Records from a collection:
================================

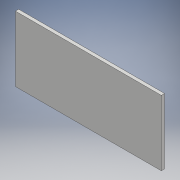
# Autodesk Inventor part: 盖板
Saved by Autodesk Inventor 2018 (Build 220112000, 112)
## iProperties
Created: 2020-11-30
Part Number: 盖板
Material: 常规
Document SubType Name: Modeling
Designer: OHHHHHHHHHH
Density: 1 g/cm^3
Appearance: 默认
Author: OHHHHHHHHHH
Autodesk Inventor part; units mm, degrees
ref_plane "YZ Plane" through (0, 0, 0) normal (1, 0, 0) x (0, 1, 0)
ref_plane "XZ Plane" through (0, 0, 0) normal (0, 1, 0) x (-1, 0, 0)
ref_plane "XY Plane" through (0, 0, 0) normal (0, 0, 1) x (1, 0, 0)
sketch "草图1" plane through (0, 0, 0) normal (0, 1, 0) x (-1, 0, 0)
  line L0 (0, 0) -> (67, 0)
  line L1 (67, 0) -> (67, -30)
  line L2 (67, -30) -> (0, -30)
  line L3 (0, -30) -> (0, 0)
  dimension "d0" = 30
  dimension "d3" = 67
  constraints: 8 end point, 2 parallel, 1 horizontal, 1 perpendicular
  measures "d0" distance of L0.end L1.end
  measures "d3" distance of L1.end L2.end
extrude "拉伸1" add sketch "草图1" along normal blind 1.5

================================

### Prompt
Exactly as written above, print every line of the data but not its pictures.

### Reply to the exercise
# Autodesk Inventor part: 盖板
Saved by Autodesk Inventor 2018 (Build 220112000, 112)
## iProperties
Created: 2020-11-30
Part Number: 盖板
Material: 常规
Document SubType Name: Modeling
Designer: OHHHHHHHHHH
Density: 1 g/cm^3
Appearance: 默认
Author: OHHHHHHHHHH
Autodesk Inventor part; units mm, degrees
ref_plane "YZ Plane" through (0, 0, 0) normal (1, 0, 0) x (0, 1, 0)
ref_plane "XZ Plane" through (0, 0, 0) normal (0, 1, 0) x (-1, 0, 0)
ref_plane "XY Plane" through (0, 0, 0) normal (0, 0, 1) x (1, 0, 0)
sketch "草图1" plane through (0, 0, 0) normal (0, 1, 0) x (-1, 0, 0)
  line L0 (0, 0) -> (67, 0)
  line L1 (67, 0) -> (67, -30)
  line L2 (67, -30) -> (0, -30)
  line L3 (0, -30) -> (0, 0)
  dimension "d0" = 30
  dimension "d3" = 67
  constraints: 8 end point, 2 parallel, 1 horizontal, 1 perpendicular
  measures "d0" distance of L0.end L1.end
  measures "d3" distance of L1.end L2.end
extrude "拉伸1" add sketch "草图1" along normal blind 1.5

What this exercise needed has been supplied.